# ACTIVITY
These entries must be printed again exactly as they are.

---

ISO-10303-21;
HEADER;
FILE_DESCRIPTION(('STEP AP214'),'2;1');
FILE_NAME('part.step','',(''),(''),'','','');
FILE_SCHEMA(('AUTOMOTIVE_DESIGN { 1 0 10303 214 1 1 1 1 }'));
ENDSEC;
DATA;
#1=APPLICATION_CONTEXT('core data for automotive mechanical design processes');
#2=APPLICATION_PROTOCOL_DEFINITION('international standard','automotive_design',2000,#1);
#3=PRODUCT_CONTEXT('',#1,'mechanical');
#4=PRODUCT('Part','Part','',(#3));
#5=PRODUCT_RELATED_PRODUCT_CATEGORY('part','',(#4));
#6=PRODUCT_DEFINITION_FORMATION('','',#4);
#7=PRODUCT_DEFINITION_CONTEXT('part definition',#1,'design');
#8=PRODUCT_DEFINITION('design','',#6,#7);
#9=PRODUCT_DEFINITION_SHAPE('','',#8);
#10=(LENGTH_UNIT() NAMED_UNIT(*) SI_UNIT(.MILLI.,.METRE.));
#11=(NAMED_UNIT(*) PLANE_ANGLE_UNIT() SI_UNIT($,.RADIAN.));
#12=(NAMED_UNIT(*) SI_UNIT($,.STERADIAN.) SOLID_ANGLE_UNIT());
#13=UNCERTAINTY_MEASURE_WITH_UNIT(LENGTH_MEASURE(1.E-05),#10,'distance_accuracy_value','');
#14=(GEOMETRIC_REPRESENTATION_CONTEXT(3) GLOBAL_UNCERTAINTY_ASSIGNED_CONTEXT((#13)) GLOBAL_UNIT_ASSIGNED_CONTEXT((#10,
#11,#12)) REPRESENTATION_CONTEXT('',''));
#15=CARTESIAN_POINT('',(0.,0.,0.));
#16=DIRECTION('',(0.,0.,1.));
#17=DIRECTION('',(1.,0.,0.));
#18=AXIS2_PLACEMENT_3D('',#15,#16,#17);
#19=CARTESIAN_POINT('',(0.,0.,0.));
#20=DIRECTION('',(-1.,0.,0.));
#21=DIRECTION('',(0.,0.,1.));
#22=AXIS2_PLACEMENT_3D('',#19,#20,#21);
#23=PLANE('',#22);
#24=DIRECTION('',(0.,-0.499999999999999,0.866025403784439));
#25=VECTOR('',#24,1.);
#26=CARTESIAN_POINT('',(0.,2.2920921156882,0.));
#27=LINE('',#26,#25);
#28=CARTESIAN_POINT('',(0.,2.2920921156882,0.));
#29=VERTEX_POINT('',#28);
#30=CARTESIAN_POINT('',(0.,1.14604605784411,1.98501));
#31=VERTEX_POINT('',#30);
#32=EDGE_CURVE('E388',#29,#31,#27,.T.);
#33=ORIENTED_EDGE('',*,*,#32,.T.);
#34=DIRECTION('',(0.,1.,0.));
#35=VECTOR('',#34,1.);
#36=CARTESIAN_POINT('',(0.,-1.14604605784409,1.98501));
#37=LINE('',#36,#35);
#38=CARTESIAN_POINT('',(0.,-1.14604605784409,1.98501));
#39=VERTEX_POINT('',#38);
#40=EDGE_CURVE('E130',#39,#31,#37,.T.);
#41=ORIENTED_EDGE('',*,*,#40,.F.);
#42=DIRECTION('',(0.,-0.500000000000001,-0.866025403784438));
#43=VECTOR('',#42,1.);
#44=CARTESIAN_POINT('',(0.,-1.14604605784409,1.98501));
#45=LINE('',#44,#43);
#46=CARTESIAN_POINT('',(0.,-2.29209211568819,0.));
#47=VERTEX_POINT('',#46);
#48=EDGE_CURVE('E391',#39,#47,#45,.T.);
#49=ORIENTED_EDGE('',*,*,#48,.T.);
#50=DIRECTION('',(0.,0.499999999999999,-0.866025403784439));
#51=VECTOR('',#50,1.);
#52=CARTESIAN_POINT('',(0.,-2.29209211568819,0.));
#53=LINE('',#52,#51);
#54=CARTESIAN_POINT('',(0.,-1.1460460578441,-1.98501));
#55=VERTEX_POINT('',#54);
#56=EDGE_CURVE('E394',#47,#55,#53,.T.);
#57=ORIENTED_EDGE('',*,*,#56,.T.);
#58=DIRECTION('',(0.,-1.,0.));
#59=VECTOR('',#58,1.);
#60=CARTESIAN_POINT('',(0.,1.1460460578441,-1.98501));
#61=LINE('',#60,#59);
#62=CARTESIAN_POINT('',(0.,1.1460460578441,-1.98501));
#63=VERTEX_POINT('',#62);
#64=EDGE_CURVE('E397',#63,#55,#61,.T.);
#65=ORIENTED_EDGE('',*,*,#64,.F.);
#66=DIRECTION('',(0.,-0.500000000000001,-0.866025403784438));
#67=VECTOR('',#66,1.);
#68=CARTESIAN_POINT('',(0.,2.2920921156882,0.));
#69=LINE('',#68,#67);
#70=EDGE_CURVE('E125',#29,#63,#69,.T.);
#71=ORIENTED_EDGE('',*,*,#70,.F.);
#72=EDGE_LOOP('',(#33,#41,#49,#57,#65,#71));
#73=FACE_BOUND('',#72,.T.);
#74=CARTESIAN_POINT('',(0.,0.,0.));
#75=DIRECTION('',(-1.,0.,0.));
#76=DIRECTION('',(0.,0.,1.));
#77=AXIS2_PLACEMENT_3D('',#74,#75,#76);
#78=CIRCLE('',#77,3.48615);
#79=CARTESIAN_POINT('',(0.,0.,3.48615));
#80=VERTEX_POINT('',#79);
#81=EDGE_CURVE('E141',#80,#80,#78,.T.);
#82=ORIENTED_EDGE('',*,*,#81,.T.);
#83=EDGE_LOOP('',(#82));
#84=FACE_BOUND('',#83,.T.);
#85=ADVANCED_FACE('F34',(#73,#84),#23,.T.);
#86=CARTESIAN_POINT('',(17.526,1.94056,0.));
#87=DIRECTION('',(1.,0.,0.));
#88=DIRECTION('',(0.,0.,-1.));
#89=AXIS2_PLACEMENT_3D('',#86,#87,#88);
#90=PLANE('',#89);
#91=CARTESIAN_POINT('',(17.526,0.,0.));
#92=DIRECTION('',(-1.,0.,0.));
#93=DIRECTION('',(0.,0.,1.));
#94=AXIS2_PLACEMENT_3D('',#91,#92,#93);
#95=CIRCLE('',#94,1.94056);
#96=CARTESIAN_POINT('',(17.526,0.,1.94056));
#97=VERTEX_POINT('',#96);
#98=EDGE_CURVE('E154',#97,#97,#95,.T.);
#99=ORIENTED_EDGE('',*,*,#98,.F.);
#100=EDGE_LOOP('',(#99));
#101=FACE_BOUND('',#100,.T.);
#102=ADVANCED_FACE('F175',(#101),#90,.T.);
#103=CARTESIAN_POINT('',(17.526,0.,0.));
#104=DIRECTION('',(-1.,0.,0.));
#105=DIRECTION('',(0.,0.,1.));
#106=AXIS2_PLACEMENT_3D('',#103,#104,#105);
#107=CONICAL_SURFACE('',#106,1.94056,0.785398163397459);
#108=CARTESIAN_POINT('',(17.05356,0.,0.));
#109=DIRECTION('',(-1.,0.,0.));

---

# RESPONSE TO THIS TASK
ISO-10303-21;
HEADER;
FILE_DESCRIPTION(('STEP AP214'),'2;1');
FILE_NAME('part.step','',(''),(''),'','','');
FILE_SCHEMA(('AUTOMOTIVE_DESIGN { 1 0 10303 214 1 1 1 1 }'));
ENDSEC;
DATA;
#1=APPLICATION_CONTEXT('core data for automotive mechanical design processes');
#2=APPLICATION_PROTOCOL_DEFINITION('international standard','automotive_design',2000,#1);
#3=PRODUCT_CONTEXT('',#1,'mechanical');
#4=PRODUCT('Part','Part','',(#3));
#5=PRODUCT_RELATED_PRODUCT_CATEGORY('part','',(#4));
#6=PRODUCT_DEFINITION_FORMATION('','',#4);
#7=PRODUCT_DEFINITION_CONTEXT('part definition',#1,'design');
#8=PRODUCT_DEFINITION('design','',#6,#7);
#9=PRODUCT_DEFINITION_SHAPE('','',#8);
#10=(LENGTH_UNIT() NAMED_UNIT(*) SI_UNIT(.MILLI.,.METRE.));
#11=(NAMED_UNIT(*) PLANE_ANGLE_UNIT() SI_UNIT($,.RADIAN.));
#12=(NAMED_UNIT(*) SI_UNIT($,.STERADIAN.) SOLID_ANGLE_UNIT());
#13=UNCERTAINTY_MEASURE_WITH_UNIT(LENGTH_MEASURE(1.E-05),#10,'distance_accuracy_value','');
#14=(GEOMETRIC_REPRESENTATION_CONTEXT(3) GLOBAL_UNCERTAINTY_ASSIGNED_CONTEXT((#13)) GLOBAL_UNIT_ASSIGNED_CONTEXT((#10,
#11,#12)) REPRESENTATION_CONTEXT('',''));
#15=CARTESIAN_POINT('',(0.,0.,0.));
#16=DIRECTION('',(0.,0.,1.));
#17=DIRECTION('',(1.,0.,0.));
#18=AXIS2_PLACEMENT_3D('',#15,#16,#17);
#19=CARTESIAN_POINT('',(0.,0.,0.));
#20=DIRECTION('',(-1.,0.,0.));
#21=DIRECTION('',(0.,0.,1.));
#22=AXIS2_PLACEMENT_3D('',#19,#20,#21);
#23=PLANE('',#22);
#24=DIRECTION('',(0.,-0.499999999999999,0.866025403784439));
#25=VECTOR('',#24,1.);
#26=CARTESIAN_POINT('',(0.,2.2920921156882,0.));
#27=LINE('',#26,#25);
#28=CARTESIAN_POINT('',(0.,2.2920921156882,0.));
#29=VERTEX_POINT('',#28);
#30=CARTESIAN_POINT('',(0.,1.14604605784411,1.98501));
#31=VERTEX_POINT('',#30);
#32=EDGE_CURVE('E388',#29,#31,#27,.T.);
#33=ORIENTED_EDGE('',*,*,#32,.T.);
#34=DIRECTION('',(0.,1.,0.));
#35=VECTOR('',#34,1.);
#36=CARTESIAN_POINT('',(0.,-1.14604605784409,1.98501));
#37=LINE('',#36,#35);
#38=CARTESIAN_POINT('',(0.,-1.14604605784409,1.98501));
#39=VERTEX_POINT('',#38);
#40=EDGE_CURVE('E130',#39,#31,#37,.T.);
#41=ORIENTED_EDGE('',*,*,#40,.F.);
#42=DIRECTION('',(0.,-0.500000000000001,-0.866025403784438));
#43=VECTOR('',#42,1.);
#44=CARTESIAN_POINT('',(0.,-1.14604605784409,1.98501));
#45=LINE('',#44,#43);
#46=CARTESIAN_POINT('',(0.,-2.29209211568819,0.));
#47=VERTEX_POINT('',#46);
#48=EDGE_CURVE('E391',#39,#47,#45,.T.);
#49=ORIENTED_EDGE('',*,*,#48,.T.);
#50=DIRECTION('',(0.,0.499999999999999,-0.866025403784439));
#51=VECTOR('',#50,1.);
#52=CARTESIAN_POINT('',(0.,-2.29209211568819,0.));
#53=LINE('',#52,#51);
#54=CARTESIAN_POINT('',(0.,-1.1460460578441,-1.98501));
#55=VERTEX_POINT('',#54);
#56=EDGE_CURVE('E394',#47,#55,#53,.T.);
#57=ORIENTED_EDGE('',*,*,#56,.T.);
#58=DIRECTION('',(0.,-1.,0.));
#59=VECTOR('',#58,1.);
#60=CARTESIAN_POINT('',(0.,1.1460460578441,-1.98501));
#61=LINE('',#60,#59);
#62=CARTESIAN_POINT('',(0.,1.1460460578441,-1.98501));
#63=VERTEX_POINT('',#62);
#64=EDGE_CURVE('E397',#63,#55,#61,.T.);
#65=ORIENTED_EDGE('',*,*,#64,.F.);
#66=DIRECTION('',(0.,-0.500000000000001,-0.866025403784438));
#67=VECTOR('',#66,1.);
#68=CARTESIAN_POINT('',(0.,2.2920921156882,0.));
#69=LINE('',#68,#67);
#70=EDGE_CURVE('E125',#29,#63,#69,.T.);
#71=ORIENTED_EDGE('',*,*,#70,.F.);
#72=EDGE_LOOP('',(#33,#41,#49,#57,#65,#71));
#73=FACE_BOUND('',#72,.T.);
#74=CARTESIAN_POINT('',(0.,0.,0.));
#75=DIRECTION('',(-1.,0.,0.));
#76=DIRECTION('',(0.,0.,1.));
#77=AXIS2_PLACEMENT_3D('',#74,#75,#76);
#78=CIRCLE('',#77,3.48615);
#79=CARTESIAN_POINT('',(0.,0.,3.48615));
#80=VERTEX_POINT('',#79);
#81=EDGE_CURVE('E141',#80,#80,#78,.T.);
#82=ORIENTED_EDGE('',*,*,#81,.T.);
#83=EDGE_LOOP('',(#82));
#84=FACE_BOUND('',#83,.T.);
#85=ADVANCED_FACE('F34',(#73,#84),#23,.T.);
#86=CARTESIAN_POINT('',(17.526,1.94056,0.));
#87=DIRECTION('',(1.,0.,0.));
#88=DIRECTION('',(0.,0.,-1.));
#89=AXIS2_PLACEMENT_3D('',#86,#87,#88);
#90=PLANE('',#89);
#91=CARTESIAN_POINT('',(17.526,0.,0.));
#92=DIRECTION('',(-1.,0.,0.));
#93=DIRECTION('',(0.,0.,1.));
#94=AXIS2_PLACEMENT_3D('',#91,#92,#93);
#95=CIRCLE('',#94,1.94056);
#96=CARTESIAN_POINT('',(17.526,0.,1.94056));
#97=VERTEX_POINT('',#96);
#98=EDGE_CURVE('E154',#97,#97,#95,.T.);
#99=ORIENTED_EDGE('',*,*,#98,.F.);
#100=EDGE_LOOP('',(#99));
#101=FACE_BOUND('',#100,.T.);
#102=ADVANCED_FACE('F175',(#101),#90,.T.);
#103=CARTESIAN_POINT('',(17.526,0.,0.));
#104=DIRECTION('',(-1.,0.,0.));
#105=DIRECTION('',(0.,0.,1.));
#106=AXIS2_PLACEMENT_3D('',#103,#104,#105);
#107=CONICAL_SURFACE('',#106,1.94056,0.785398163397459);
#108=CARTESIAN_POINT('',(17.05356,0.,0.));
#109=DIRECTION('',(-1.,0.,0.));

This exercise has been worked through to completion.